With the Summer in full swing, the usual lull in legal news is well under way – but last week’s case involving illicit filming by a crew of South Yorkshire Police’s helicopter raised some tricky issues which no doubt kept local journalists and their lawyers on their toes.
The facts are reasonably well known by now. Nine years ago, a married couple were filmed by the police helicopter having sex in their garden, which was a perfectly legal activity for them. Four crew members were charged with misconduct in a public office, but last week, they were acquitted by the jury. A fifth man, who had previously pleaded guilty, was jailed for 12 months.
At the beginning of the trial at Sheffield Crown Court, the Judge made an order which prohibited the identification of other people who had been filmed sunbathing au natural, without their consent.
But the couple who were filmed having sex had refused to take part in the prosecution, and so the Judge decided that because they were not witnesses, they could not be protected by an anonymity order. The most he could do was make a temporary postponement order until the end of the trial, which he did.
At the end of the prosecution case, the Judge said it was difficult to see any basis for continuing to ban the couple from being identified. Nevertheless, the prosecution persevered in seeking anonymity for them, a decision which prompted several national newspapers to intervene.
Counsel for the prosecution argued that the woman was the victim of a sexual offence, and so was entitled to automatic lifelong anonymity. He based his argument on the fact that in a statement, the woman said she did not consent to being recorded as having sex – even though the prosecution had already told the court that the defendants had not been charged with voyeurism because of the difficulty in proving that they were motivated by “sexual gratification”.
Conversely, counsel for the newspapers argued that no sexual offence had been committed, and he invited the Judge to give guidance the issue – which he declined to do.
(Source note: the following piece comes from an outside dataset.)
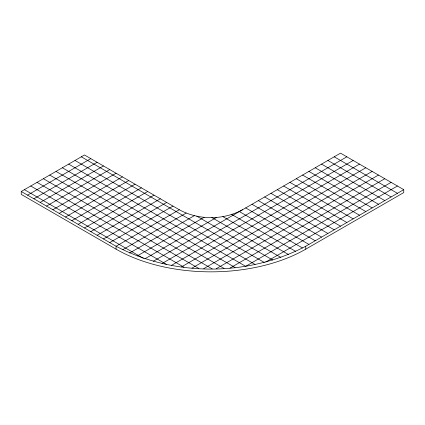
<?xml version="1.0" encoding="UTF-8"?>
<svg xmlns="http://www.w3.org/2000/svg" width="425" height="425" viewBox="0 0 425 425"><rect width="100%" height="100%" fill="white"/><g stroke="black" fill="none" stroke-linecap="round" stroke-linejoin="round"><path stroke-width="0.64" d="M153.324 261.242L340.526 153.159L403.75 189.662L403.75 192.583L305.756 249.162A134.114 77.43 0 0 1 116.083 249.162L21.25 194.406L21.25 191.489L84.474 154.987L179.308 209.738C198.475 220.283 223.364 220.283 242.532 209.738M27.572 195.139L90.796 158.637M33.894 198.788L97.118 162.286M40.216 202.438L103.44 165.936M46.537 206.088L109.762 169.586M52.859 209.738L116.083 173.235M59.181 213.387L122.405 176.885M65.508 217.037L128.727 180.535M71.83 220.687L135.049 184.19M78.152 224.336L141.376 187.839M84.474 227.991L147.698 191.489M90.796 231.641L154.02 195.139M97.118 235.291L160.342 198.788M103.44 238.94L166.664 202.438M109.762 242.59L172.986 206.088M179.308 209.738L116.083 246.24L21.25 191.489M122.82 249.65L186.187 213.068M129.593 253.04L194.331 215.666M137.174 255.967L204.218 217.255M144.856 258.83L216.686 217.361M162.047 263.505L346.848 156.809M171.488 265.354L353.17 160.459M181.48 266.884L359.492 164.114M192.026 268.095L365.819 167.763M203.718 268.648L372.141 171.413M216.245 268.717L378.462 175.063M229.999 268.074L384.784 178.712M391.106 182.362L245.692 266.316L68.669 164.114M265.779 262.018L397.428 186.012M116.083 249.162L116.083 246.24C174.038 276.696 247.802 276.696 305.756 246.24L403.75 189.662M334.204 156.809L397.428 193.311M327.882 160.459L391.106 196.961M321.56 164.114L384.784 200.611M315.238 167.763L378.462 204.266M308.917 171.413L372.141 207.915M302.595 175.063L365.819 211.565M296.273 178.712L359.492 215.215M289.951 182.362L353.17 218.864M283.624 186.012L346.848 222.514M277.302 189.662L340.526 226.164M270.98 193.311L334.204 229.813M264.658 196.961L327.882 233.463M258.336 200.611L321.56 237.113M252.014 204.266L315.238 240.762M245.692 207.915L308.917 244.412M239.238 211.491L302.388 247.945M231.752 214.466L295.651 251.356M222.833 216.617L288.453 254.501M211.804 217.552L280.877 257.428M196.743 216.155L272.749 260.036M81.313 156.809L264.276 262.448M74.991 160.459L255.069 264.43M62.347 167.763L235.083 267.49M56.02 171.413L224.049 268.425M49.698 175.063L212.187 268.871M43.377 178.712L198.831 268.462M37.055 182.362L183.945 267.171M30.733 186.012L166.451 264.371M24.411 189.662L143.438 258.384M305.756 246.24L305.756 249.162"/></g></svg>

The Judge indicated that that he thought the woman could well be a victim of voyeurism, so she might well be entitled to lifelong anonymity. However, he then added that as no formal complaints had been made, it was not for him to decide if the woman had been the victim of sexual offences: “That’s not a matter for me. I can’t say any more“.
The upshot was that His Honour concluded that he could not resist the press’ applications for the couple to be identified, and for the couple’s statements and pixelated footage of them (which had been shown to the jury) to be released.
But he agreed to the press’ arguments reluctantly: “It seems to me, with regret, that I’m not in a position to resist any application for publication in this case.”
So what does this decision tell us?
Well, when it comes to anonymity in criminal cases, the only relevant question is: were the defendants prosecuted for sexual offences?
If the answer to that question is ‘yes’, then as all journalists know, the couple must not be identified. On the other hand, if the answer is ‘no’, then the couple have no such right, and could be identified in the usual way.
The facts underlying this case were pretty unique, and the application for anonymity turned on the case’s own special facts. But it’s evident that the press needs to remain vigilant; attempts to restrict and limit open justice continue to occur on a fairly regular basis.
PS Although permitted to identify the couple, at least one local paper decided not to do so.
In an editorial, the Rotherham Advertiser’s editor Andrew Mosely wrote: “There is no doubt the publication of their names and images of them would not only have an adverse effect on their lives, but also the lives of their daughter and close family and friends”.
It’s on occasions like this that Editors encounter a stark truth: the law is one thing; doing what’s right by your readers is often something else entirely.